# specific help needed with Logitech Ultimate remote controller



## THX-UltraII (Nov 19, 2008)

Hi Guys,



I have a question about controlling a pretty specific device with my Logitech Harmony ultimate:



I have a special so-called 'auto-masking' home theater screen. This is a screen which can be automatically (electrically) adjusted to custom pre-defined screen image height. My screen http://www.takeoffmedia.de/en/image...reens-infos/hollywoodscreensimasquelight.html is using a 'Image Screens' labeled Elro remote controller http://postimg.org/image/qrj9gabud/. I had to program this remote myself (this took me forever to do this but eventually worked out for me ). I now have FIVE custom programmed image heights which I can access by pressing the UP ARROW on my remote and press this untill I get the height I want. When pressing the UPPER ARROW on the Elro remote I just look at the Elro remote and look when the wanted screen program lights up (you can see the five leds). Once it is on the one that I want to use I can press the MIDDLE ROUND button on the Elro remote. My screen then adjusts itself to the screen height I programmed into the remote.

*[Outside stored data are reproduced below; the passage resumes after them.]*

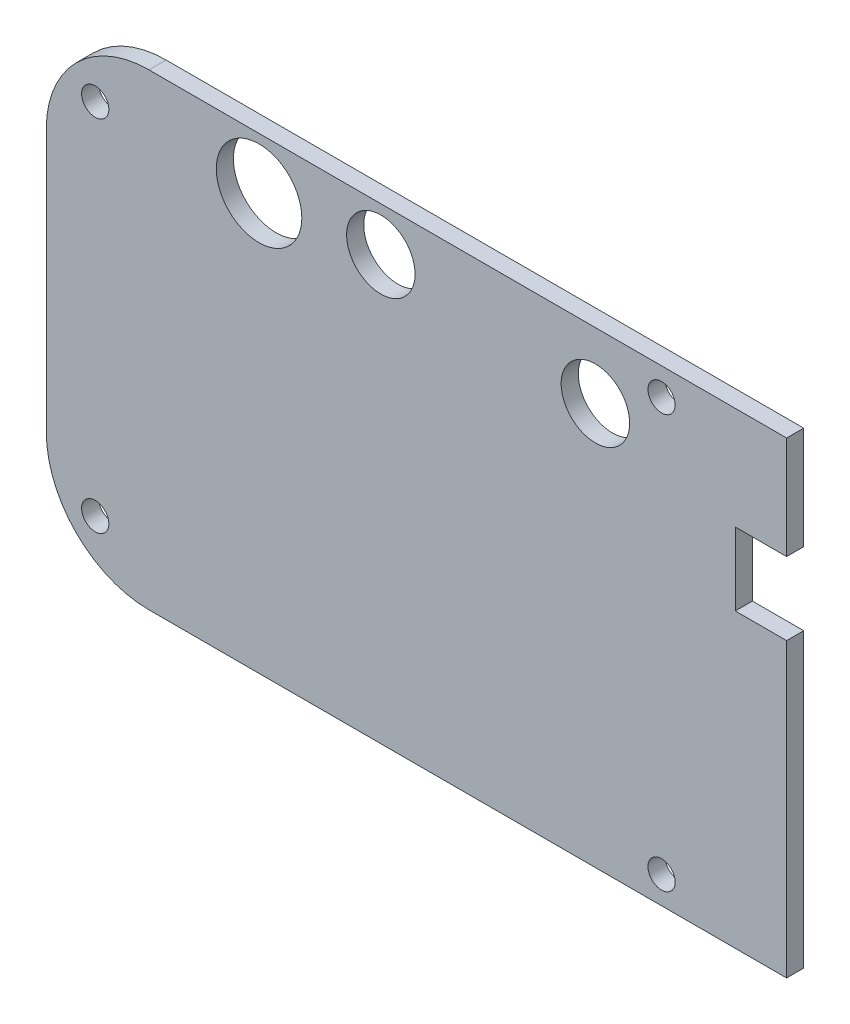
SolidWorks part; units mm, degrees
ref_plane "Plano frontal" through (0, 0, 0) normal (0, 0, 1) x (1, 0, 0)
ref_plane "Plano superior" through (0, 0, 0) normal (0, 1, 0) x (1, 0, 0)
ref_plane "Plano direito" through (0, 0, 0) normal (1, 0, 0) x (0, 0, -1)
sketch "Esboço1" plane through (0, 0, 0) normal (0, 0, 1) x (1, 0, 0)
  line L0 (0, 0) -> (86.5, 0)
  line L1 (86.5, 0) -> (86.5, 54.64)
  line L2 (86.5, 54.64) -> (0, 54.64)
  line L3 (0, 54.64) -> (0, 0)
  dimension "D1" = 86.5
  dimension "D2" = 54.64
extrude "Ressalto-extrusão2" add sketch "Esboço1" along normal blind 2 contours L2 L3 L0 L1
sketch "Esboço3" plane through (0, 0, 0) normal (0, 0, -1) x (-1, 0, 0)
  line L0 (-86.5, 0) -> (-86.5, 54.64) construction
  line L1 (-86.5, 54.64) -> (0, 54.64) construction
  line L2 (0, 0) -> (-86.5, 0) construction
  line L3 (0, 54.64) -> (0, 0) construction
  circle A0 centre (-71.89, 51.46) radius 1.59
  circle A1 centre (-71.89, 3.18) radius 1.59
  circle A2 centre (-5.72, 6.35) radius 1.59
  circle A3 centre (-5.72, 48.29) radius 1.59
  dimension "D3" = 3.18
  dimension "D4" = 3.18
  dimension "D10" = 3.18
  dimension "D11" = 3.18
  dimension "D1" = 14.61
  dimension "D2" = 3.18
  dimension "D5" = 14.61
  dimension "D6" = 3.18
  dimension "D7" = 5.72
  dimension "D8" = 5.72
  dimension "D9" = 6.35
  dimension "D12" = 6.35
extrude "Corte-extrusão1" cut sketch "Esboço3" against normal blind 2
fillet "Filete1" radius 12 1 edges at (0, 54.64, 1)
fillet "Filete2" radius 12 1 edges at (0, 0, 1)
sketch "Esboço4" plane through (0, 0, 2) normal (0, 0, 1) x (1, 0, 0)
  line L0 (86.5, 54.64) -> (12, 54.64) construction
  line L1 (0, 42.64) -> (0, 12) construction
  line L2 (86.5, 0) -> (86.5, 54.64) construction
  line L3 (86.5, 42.64) -> (80.5, 42.64)
  line L4 (80.5, 42.64) -> (80.5, 34.14)
  line L5 (80.5, 34.14) -> (86.5, 34.14)
  line L6 (86.5, 34.14) -> (86.5, 42.64)
  circle A0 centre (24.86, 48.58) radius 5
  circle A1 centre (39.09, 49.5) radius 4
  circle A2 centre (64.16, 46.97) radius 4
  dimension "D1" = 6.06
  dimension "D3" = 10
  dimension "D4" = 8
  dimension "D5" = 5.14
  dimension "D9" = 8
  dimension "D2" = 24.86
  dimension "D6" = 47.41
  dimension "D7" = 7.67
  dimension "D8" = 22.34
  dimension "D10" = 12
  dimension "D11" = 8.5
  dimension "D12" = 6
extrude "Corte-extrusão2" cut sketch "Esboço4" against normal blind 10
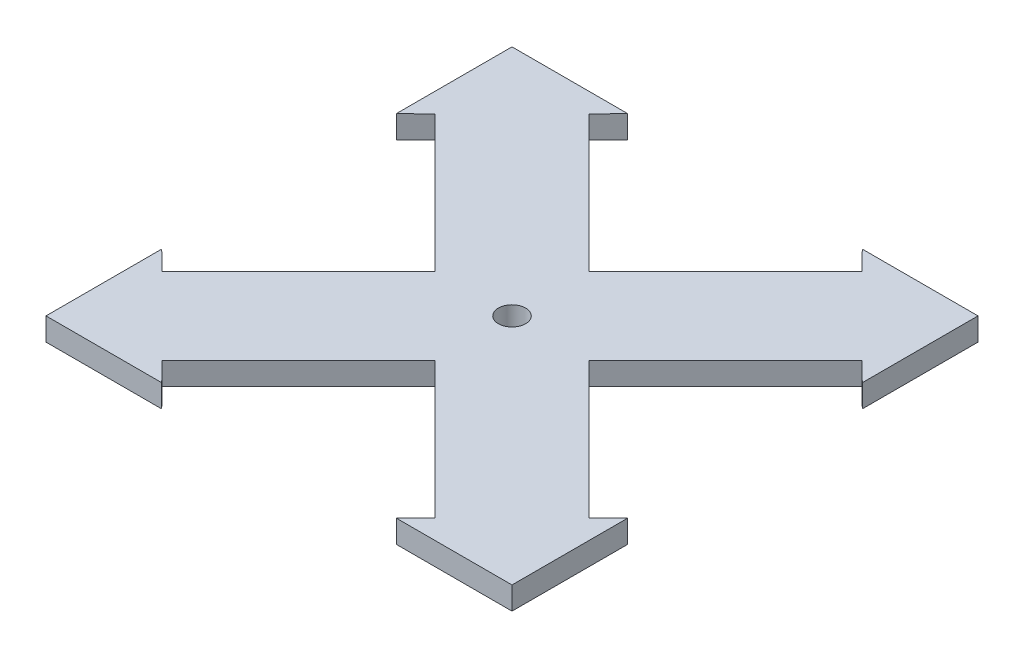
SolidWorks part; units mm, degrees
ref_plane "Front" through (0, 0, 0) normal (0, 0, 1) x (1, 0, 0)
ref_plane "Top" through (0, 0, 0) normal (0, 1, 0) x (1, 0, 0)
ref_plane "Right" through (0, 0, 0) normal (1, 0, 0) x (0, 0, -1)
sketch "Croquis1" plane through (0, 0, 0) normal (0, 1, 0) x (1, 0, 0)
  line L0 (-1000, 0) -> (49000, 0) construction
  line L1 (0, -1000) -> (0, 49000) construction
  line L2 (-707.1068, 707.1068) -> (34648.2323, -34648.2323) construction
  line L3 (-707.1068, -707.1068) -> (34648.2323, 34648.2323) construction
  line L4 (-15, -23.4853) -> (0, -8.4853)
  line L6 (8.4853, 0) -> (23.4853, -15)
  line L8 (-23.4853, -15) -> (-8.4853, 0)
  line L10 (-15, 23.4853) -> (0, 8.4853)
  line L12 (-1000, -15) -> (49000, -15) construction
  line L13 (-1000, 15) -> (49000, 15) construction
  line L14 (15, -1000) -> (15, 49000) construction
  line L15 (-15, -1000) -> (-15, 49000) construction
  line L16 (23.4853, -985) -> (23.4853, 49015) construction
  line L17 (-683.4111, 721.9431) -> (34671.9279, -34633.396) construction
  line L18 (15, 23.4853) -> (12.9022, 25.6298)
  line L19 (23.4853, 15) -> (25.6298, 12.9022)
  line L20 (-987.0978, 25.6298) -> (49012.9022, 25.6298) construction
  line L21 (25.6298, -987.1226) -> (25.6298, 49012.8774) construction
  line L22 (12.9022, 25.6298) -> (25.6298, 25.6298)
  line L23 (25.6298, 25.6298) -> (25.6298, 12.9022)
  line L24 (23.4853, -15) -> (25.6298, -12.9022)
  line L25 (25.6298, -12.9022) -> (25.6298, -25.6298)
  line L26 (25.6298, -25.6298) -> (12.9022, -25.6298)
  line L27 (15, -23.4853) -> (12.9022, -25.6298)
  line L28 (-15, -23.4853) -> (-12.9022, -25.6298)
  line L29 (-12.9022, -25.6298) -> (-25.6298, -25.6298)
  line L30 (-25.6298, -25.6298) -> (-25.6298, -12.9022)
  line L31 (-23.4853, -15) -> (-25.6298, -12.9022)
  line L32 (-23.4853, 15) -> (-25.6298, 12.9022)
  line L33 (-25.6298, 12.9022) -> (-25.6298, 25.6298)
  line L34 (-25.6298, 25.6298) -> (-12.9022, 25.6298)
  line L35 (-15, 23.4853) -> (-12.9022, 25.6298)
  line L36 (-23.4853, 15) -> (-8.4853, 0)
  line L37 (-702.8641, 711.3494) -> (34652.4749, -34643.9896) construction
  line L38 (-702.8641, -711.3494) -> (34652.4749, 34643.9896) construction
  line L39 (-711.3494, -702.8641) -> (34643.9896, 34652.4749) construction
  line L40 (0, 8.4853) -> (15, 23.4853)
  line L41 (0, -8.4853) -> (15, -23.4853)
  line L42 (8.4853, 0) -> (23.4853, 15)
  circle A0 centre (0, 0) radius 1.5
  point P11 (0, 0)
  point P12 (0, 0)
  point P13 (-711.3494, 702.8641)
  point P14 (34643.9896, -34652.4749)
  point P65 (0, 0)
  point P69 (-40.1286, 10.4651)
  dimension "D3" = 3
  dimension "D1" = 6
  dimension "D8" = 3
  dimension "D2" = 6
  dimension "D4" = 15
  dimension "D5" = 15
  dimension "D6" = 15
  dimension "D7" = 15
  dimension "D9" = 4
extrude "Saliente-Extruir1" add sketch "Croquis1" along normal blind 2.5
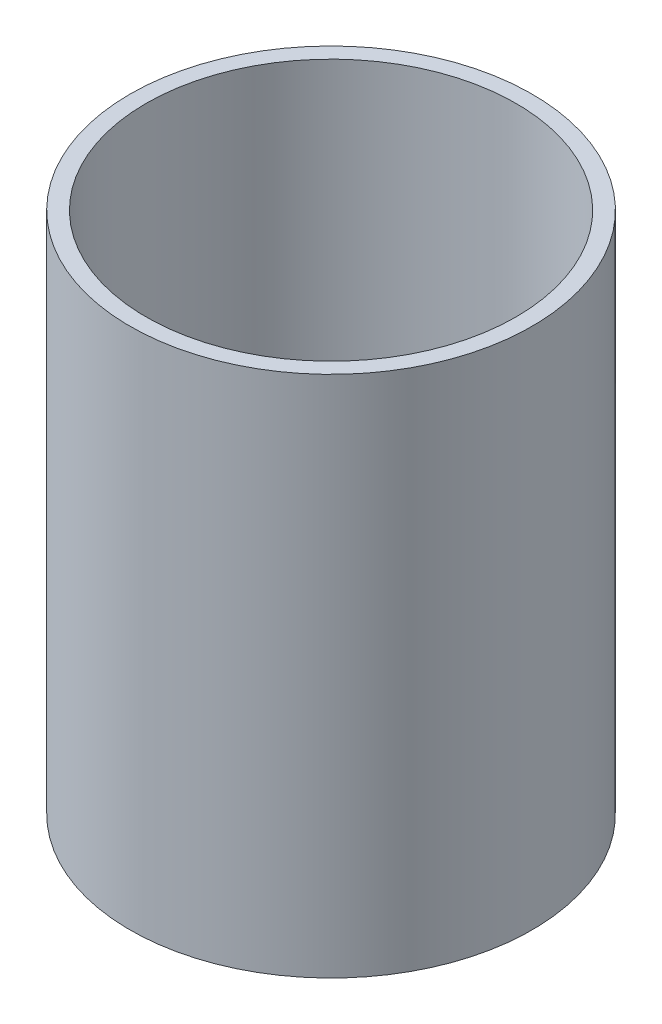
SolidWorks part; units mm, degrees
ref_plane "前视基准面" through (0, 0, 0) normal (0, 0, 1) x (1, 0, 0)
ref_plane "上视基准面" through (0, 0, 0) normal (0, 1, 0) x (1, 0, 0)
ref_plane "右视基准面" through (0, 0, 0) normal (1, 0, 0) x (0, 0, -1)
sketch "草图2" plane through (0, 0, 0) normal (0, 0, 1) x (1, 0, 0)
  line L0 (0, 0) -> (50, 0)
  line L1 (50, 0) -> (50, 130)
  line L2 (50, 130) -> (0, 130)
  line L3 (0, 130) -> (0, 0)
  dimension "D1" = 50
  dimension "D2" = 50
  dimension "D3" = 130
revolve "旋转1" add sketch "草图2" angle 360 about L3
shell "抽壳1" thickness 4
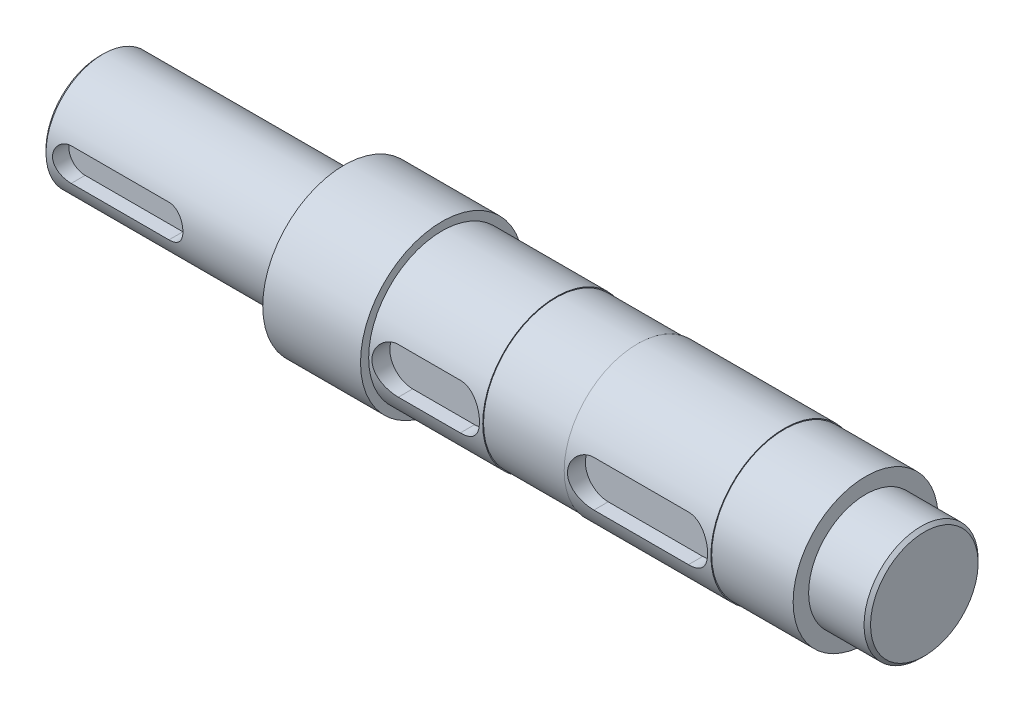
SolidWorks part; units mm, degrees
other "细节项目17"
other "细节项目18"
other "细节项目19"
other "细节项目20"
material "45"
ref_plane "前视基准面" through (0, 0, 0) normal (0, 0, 1) x (1, 0, 0)
ref_plane "上视基准面" through (0, 0, 0) normal (0, 1, 0) x (1, 0, 0)
ref_plane "右视基准面" through (0, 0, 0) normal (1, 0, 0) x (0, 0, -1)
sketch "草图1" plane through (0, 0, 0) normal (0, 0, 1) x (1, 0, 0)
  line L0 (0, 0) -> (50000, 0) construction
  line L1 (0, 0) -> (0, -50000) construction
  line L2 (0, 0) -> (0, 17.5)
  line L3 (0, 17.5) -> (75, 17.5)
  line L4 (75, 17.5) -> (75, 25)
  line L5 (75, 25) -> (105, 25)
  line L6 (235, 22.25) -> (235, 17.5)
  line L7 (235, 17.5) -> (253, 17.5)
  line L8 (253, 17.5) -> (253, 0)
  line L9 (253, 0) -> (0, 0)
  line L10 (105, 25) -> (105, 22.5)
  line L11 (105, 22.5) -> (140, 22.5)
  line L12 (140, 22.5) -> (140, 22.25)
  line L13 (140, 22.25) -> (165, 22.25)
  line L14 (165, 22.25) -> (165, 22.5)
  line L15 (165, 22.5) -> (210, 22.5)
  line L16 (210, 22.5) -> (210, 22.25)
  line L17 (210, 22.25) -> (235, 22.25)
  dimension "D1" = 35
  dimension "D2" = 75
  dimension "D3" = 253
  dimension "D4" = 50
  dimension "D5" = 35
  dimension "D6" = 18
  dimension "D7" = 30
  dimension "D8" = 45
  dimension "D9" = 35
  dimension "D10" = 25
  dimension "D11" = 44.5
  dimension "D12" = 45
  dimension "D14" = 44.5
revolve "旋转1" add sketch "草图1" angle 360 about L0
sketch "草图2" plane through (0, 0, 0) normal (-1, 0, 0) x (0, 0, 1)
  circle A0 centre (0, 0) radius 3
  dimension "D1" = 6
hole_wizard "M6 螺纹孔1" positions "3D草图1" profile "草图3" tap size "M6" standard "Gb"
sketch3d "3D草图1"
  circle A0 centre (0, 0, 0) radius 3 construction
  point P0 (0, 0, 0)
  point P6 (-3, 0, 0)
sketch "草图3" plane through (0, 0, 0) normal (0, 1, 0) x (0, 0, 1)
  line L0 (0, 0) -> (0, 18.5022)
  line L1 (0, 18.5022) -> (2.5, 17)
  line L2 (2.5, 17) -> (2.5, 0)
  line L5 (2.5, 0) -> (0, 0)
  line L10 (0, 18.5022) -> (-2.5, 17) construction
  line L11 (0, -6.35) -> (0, 107.95) construction
  dimension "螺纹孔钻头直径" = 5
  dimension "螺纹孔钻头深度" = 17
  dimension "导头角度" = 118
cosmetic thread "孔螺蚊线1" parameters "D1"=12, "D2"=6
ref_plane "基准面1" through (0, 0, 17) normal (0, 0, 1) x (1, 0, 0)
sketch "草图4" plane through (0, 0, 17) normal (0, 0, 1) x (1, 0, 0)
  line L0 (0, 0) -> (-50000, 0) construction
  line L1 (113, 0) -> (132, 0) construction
  line L2 (113, 7) -> (132, 7)
  line L3 (113, -7) -> (132, -7)
  line L4 (173, 0) -> (202, 0) construction
  line L5 (173, 7) -> (202, 7)
  line L6 (173, -7) -> (202, -7)
  line L7 (105, -22.5) -> (105, 22.5) construction
  line L8 (210, -22.5) -> (210, 22.5) construction
  arc A0 (113, 7) -> (113, -7) centre (113, 0) ccw
  arc A1 (132, -7) -> (132, 7) centre (132, 0) ccw
  arc A2 (173, 7) -> (173, -7) centre (173, 0) ccw
  arc A3 (202, -7) -> (202, 7) centre (202, 0) ccw
  point P5 (122.5, 0)
  point P10 (187.5, 0)
  dimension "D1" = 14
  dimension "D2" = 14
  dimension "D3" = 8
  dimension "D4" = 19
  dimension "D5" = 8
  dimension "D6" = 29
extrude "切除-拉伸1" cut sketch "草图4" along normal blind 10
ref_plane "基准面2" through (0, 0, 12.5) normal (0, 0, 1) x (1, 0, 0)
sketch "草图5" plane through (0, 0, 12.5) normal (0, 0, 1) x (1, 0, 0)
  line L0 (0, 0) -> (-50000, 0) construction
  line L1 (8, 0) -> (38, 0) construction
  line L2 (8, 5) -> (38, 5)
  line L3 (8, -5) -> (38, -5)
  line L4 (0, 17.5) -> (0, -17.5) construction
  arc A0 (8, 5) -> (8, -5) centre (8, 0) ccw
  arc A1 (38, -5) -> (38, 5) centre (38, 0) ccw
  point P5 (23, 0)
  dimension "D1" = 8
  dimension "D2" = 30
  dimension "D3" = 10
extrude "切除-拉伸2" cut sketch "草图5" along normal blind 10
chamfer "倒角1" distance 1 angle 45 2 edges at (253, 0, 17.5) (0, 0, 17.5)

So........ the Elro remote uses a 868 mhz frequency http://postimg.org/image/ttzmwr7rd/ and I just bought this http://www.klikaanklikuit.nl/shop/nl/light-manager-pro. This device is compatible with 868mhz and converts an IR signal to the needed RF signal.



My question is if I can control my screen with my Logitech Ultimate and IF i can control it if I am able to select the custom programs that I learned to my original Elro remote.


----------



## mechman (Feb 8, 2007)

Did it work?


----------